Upmix Engines Stake Out a Place in Sports Broadcasting

Upmixing engines may still be a specialty item, but they have become standard issue in sports-broadcast processing racks. The intention is to provide the most seamless discrete 5.1 surround-sound experience for viewers by making legacy mono and stereo audio elements conform to a multichannel sound field and one that is more consistent when downmixed to stereo for receivers that can’t reproduce surround audio. Here’s a look at some of the leading contenders.

DTS
DTS Neural Surround processing is designed to allow seamless conversion between stereo and surround sound. The Neural Surround family comprises UpMix, DownMix and MultiMerge technologies. UpMix transforms any stereo signal into surround sound and can be used to decode stereo or Lt-Rt encoded broadcasts back into surround sound, often indistinguishable from discrete 5.1 content, without affecting the spectral and timbral balance. Neural Surround UpMix can output any channel configuration from 3.0 to 7.1. It also provides creative controls for sound-field width and depth, channel layout, output levels, LFE filtering, and a final limiting.

The Neural Surround DownMix process reduces 7.1 or 5.1 surround sound to a stereo mix that accurately represents the multichannel original. Active correction within the DownMix can fix such issues as comb filtering, spatial location, and distortion, creating a pristine stereo mix that can be re-rendered into surround sound later.

Neural Surround MultiMerge pairs UpMix and DownMix with auto-detection to guarantee surround-sound output for any transmission path. MultiMerge features full-time 5.1 surround-sound output as well as a full-time Lt-Rt stereo output from any content source.

DTS Neural Surround is licensed to broadcast-hardware and -software suppliers such as Harris Corp. and DaySequerra.

Linear Acoustic
Engineered on the foundation of the company’s first- and second-generation DTV audio processors, Linear Acoustic’s AERO.air enables broadcasters to deliver compelling 5.1 surround sound while saving time, money, and space. It is equipped with dual upMAX two- to-5.1-channel upconversion upmixers as well as full-time two-channel downmixing to support legacy stereo or analog paths.

Built-in AutoMAX-II processing detects incoming audio and automatically upmixes only when necessary, producing a full-time 5.1-channel output. The processor accepts 5.1-channel network audio, two-channel local audio, SAP/DVS, and digital or analog auxiliary/EAS audio for processing.

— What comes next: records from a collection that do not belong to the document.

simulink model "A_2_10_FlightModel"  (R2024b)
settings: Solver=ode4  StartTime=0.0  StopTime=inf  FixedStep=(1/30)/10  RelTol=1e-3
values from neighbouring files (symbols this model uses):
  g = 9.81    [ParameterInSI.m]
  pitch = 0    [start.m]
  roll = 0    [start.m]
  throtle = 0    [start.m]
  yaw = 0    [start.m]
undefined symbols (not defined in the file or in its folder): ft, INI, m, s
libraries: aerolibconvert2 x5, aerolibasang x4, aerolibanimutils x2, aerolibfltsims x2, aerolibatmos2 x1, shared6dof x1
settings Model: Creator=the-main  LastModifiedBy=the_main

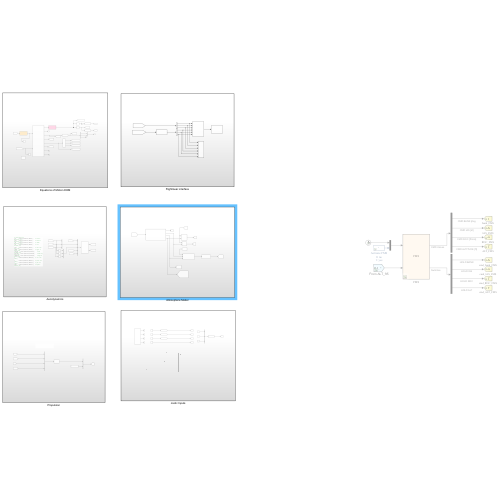
[thumbnail: Simulink's stored preview of the top-level diagram]
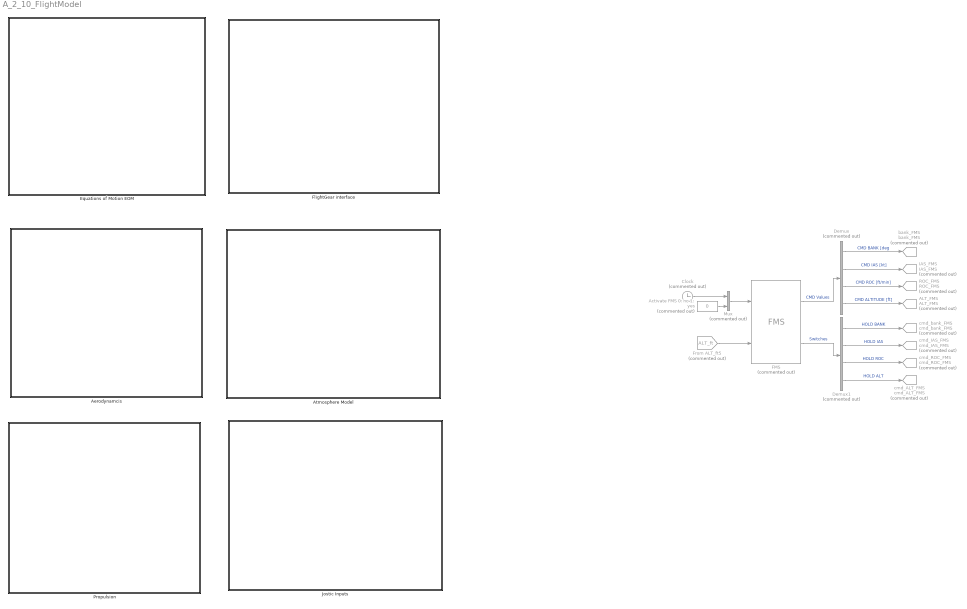
== system A_2_10_FlightModel ==
  ALT_FMS : Goto  Commented=on  GotoTag=ALT_FMS  TagVisibility=global
  Activate FMS 0: no 1: yes : Constant  Commented=on  Value=0
  Aerodynamcis : Subsystem
  Atmosphere Model : Subsystem
  Clock : Clock  Commented=on
  Demux : Demux  Commented=on
  Demux1 : Demux  Commented=on
  Equations of Motion EOM : Subsystem
  FMS : M-S-Function  Commented=on  FunctionName=FMS
  FlightGear interface : Subsystem
  From ALT_ft5 : From  Commented=on  GotoTag=ALT_ft  TagVisibility=global
  IAS_FMS : Goto  Commented=on  GotoTag=IAS_FMS  TagVisibility=global
  Jostic Inputs : Subsystem
  Mux : Mux  Commented=on  Inputs=2
  Propulsion : Subsystem
  ROC_FMS : Goto  Commented=on  GotoTag=ROC_FMS  TagVisibility=global
  bank_FMS : Goto  Commented=on  GotoTag=bank_FMS  TagVisibility=global
  cmd_ALT_FMS : Goto  Commented=on  GotoTag=cmd_ALT_FMS  TagVisibility=global
  cmd_IAS_FMS : Goto  Commented=on  GotoTag=cmd_IAS_FMS  TagVisibility=global
  cmd_ROC_FMS : Goto  Commented=on  GotoTag=cmd_ROC_FMS  TagVisibility=global
  cmd_bank_FMS : Goto  Commented=on  GotoTag=cmd_bank_FMS  TagVisibility=global
  wires:
  Demux/1 -> bank_FMS/1  "CMD BANK [deg"
  Demux1/4 -> cmd_ALT_FMS/1  "HOLD ALT"
  FMS/2 -> Demux1/1  "Switches"
  Mux/1 -> FMS/1
  From ALT_ft5/1 -> FMS/2
  Activate FMS 0: no 1: yes/1 -> Mux/2
  Demux1/3 -> cmd_ROC_FMS/1  "HOLD ROC"
  Demux1/1 -> cmd_bank_FMS/1  "HOLD BANK"
  Demux/4 -> ALT_FMS/1  "CMD ALTITUDE [ft]"
  Demux1/2 -> cmd_IAS_FMS/1  "HOLD IAS"
  Demux/3 -> ROC_FMS/1  "CMD ROC [ft/min]"
  Demux/2 -> IAS_FMS/1  "CMD IAS [kt]"
  FMS/1 -> Demux/1  "CMD Values"
  Clock/1 -> Mux/1

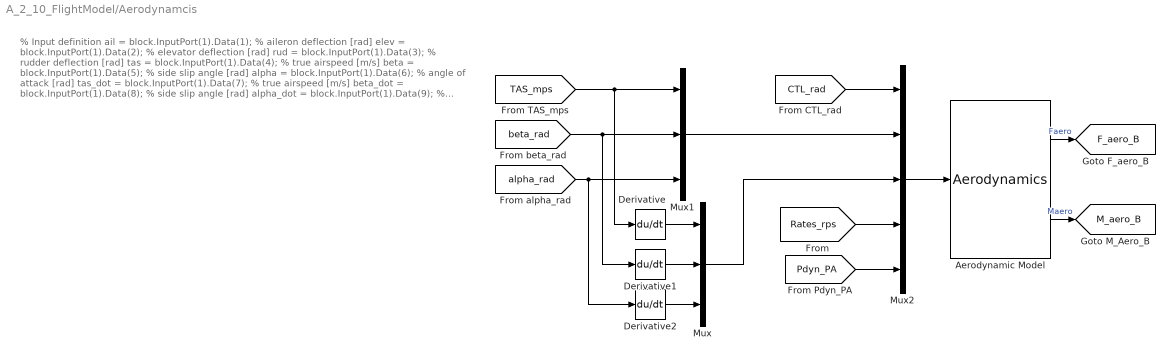
== system A_2_10_FlightModel/Aerodynamcis ==
  note: % Input definition
      | ail = block.InputPort(1).Data(1); % aileron deflection [rad]
      | elev = block.InputPort(1).Data(2); % elevator deflection [rad]
      | rud = block.InputPort(1).Data(3); % rudder deflection [rad]
      | tas = block.InputPort(1).Data(4); % true airspeed [m/s]
      | beta = block.InputPort(1).Data(5); % side slip angle [rad]
      | alpha = block.InputPort(1).Data(6); % angle of attack [rad]
      | tas_dot = block.InputPort(1).Data(7); % true airspeed [m/s]
      | beta_dot = block.InputPort(1).Data(8); % side slip angle [rad]
      | alpha_dot = block.InputPort(1).Data(9); % angle of attack [rad]
      | p = block.InputPort(1).Data(10); % roll rate [rad/s]
      | q = block.InputPort(1).Data(11); % pitch rate [rad/s]
      | r = block.InputPort(1).Data(12); % yaw rate [rad/s]
      | Pdyn = block.InputPort(1).Data(13); % dynamic pressure [Pa]
  Aerodynamic Model : M-S-Function  FunctionName=Aerodynamics
  Derivative : Derivative
  Derivative1 : Derivative
  Derivative2 : Derivative
  Mux : Mux  Inputs=3
  Mux1 : Mux  Inputs=3
  Mux2 : Mux  Inputs=5
  tag scope: F_aero_B=global, M_aero_B=global
  wires:
  [TAS_mps] -> Derivative/1, Mux1/1
  [Pdyn_PA] -> Mux2/5
  Mux1/1 -> Mux2/2
  Aerodynamic Model/1 -> [F_aero_B]  "Faero"
  Mux2/1 -> Aerodynamic Model/1
  [beta_rad] -> Mux1/2, Derivative1/1
  [CTL_rad] -> Mux2/1
  [alpha_rad] -> Mux1/3, Derivative2/1
  Aerodynamic Model/2 -> [M_aero_B]  "Maero"
  [Rates_rps] -> Mux2/4
  Derivative2/1 -> Mux/3
  Derivative1/1 -> Mux/2
  Derivative/1 -> Mux/1
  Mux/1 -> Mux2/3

Options available with AERO.air include HD/SD-SDI input for de-embedding any of the possible 16 audio channels and vertical ancillary (SMPTE 2020) metadata, internal 5.1+2 dual Dolby Digital (AC-3) encoders, auto-sensing Dolby E/AC-3 decoding, and CrowdControl dialog protection. The processor also includes ITU loudness control and metadata management. Recent additions include ITU-R BS.1770 meters on all outputs, support for Dolby Digital Plus, optional built-in Nielsen Watermark encoding for up to four programs, and the new UPMAX-II reference upmixing algorithm.

PenteoSurround
The Penteo PostPro professional stereo-to-5.1 upconversion processor uses the company’s real-time forensic waveform-analysis code to digitally separate individual sounds within a stereo mix into discrete slices, each taking a corresponding position in a 5.1 sound field. The result is an accurate 5.1 interpretation of the original stereo mixer’s work, live or legacy, for music, sports, television, or film. Because Penteo does not alter any phase components or levels, the resulting 5.1 surround-sound mix retains all backward stereo and mono broadcast compatibility.

TC Electronic
TC Electronic’s DB8 DTV quad-engine, 2RU processor can be ordered with SDI and/or AES-3 I/Os. I/Os are expandable to 16 channels of AES-3 or embedded audio. Each of the DB8’s engines can process stereo, dual mono, or 5.1 surround sound. Units running V2.0 software also include TC’s exclusive LM5D loudness meter. Both the DB8 and sibling DB4 (which has the same functionality but with a dual-engine rather than quad processor) provide synchronous 48-kHz sampling and 48-bit processing throughout, in combination with jitter rejection.

Both units allow disabling of the upconversion function when transmitting 5.1 surround-sound feature films, leaving the units’ loudness control and limiting functions in the signal path. Intersample accurate limiting allows tight peak control and maximum audio quality from lossey compression codecs. Distortion canceling and limiting techniques keep distortion to a minimum, allowing the DB4 and DB8 to deliver clean, crisp audio. The standard configuration for each includes eight channels of AES/EBU I/O, balanced or unbalanced. Also available are optional SDI interface and analog I/O cards. The maximum number of separate inputs/outputs is 16.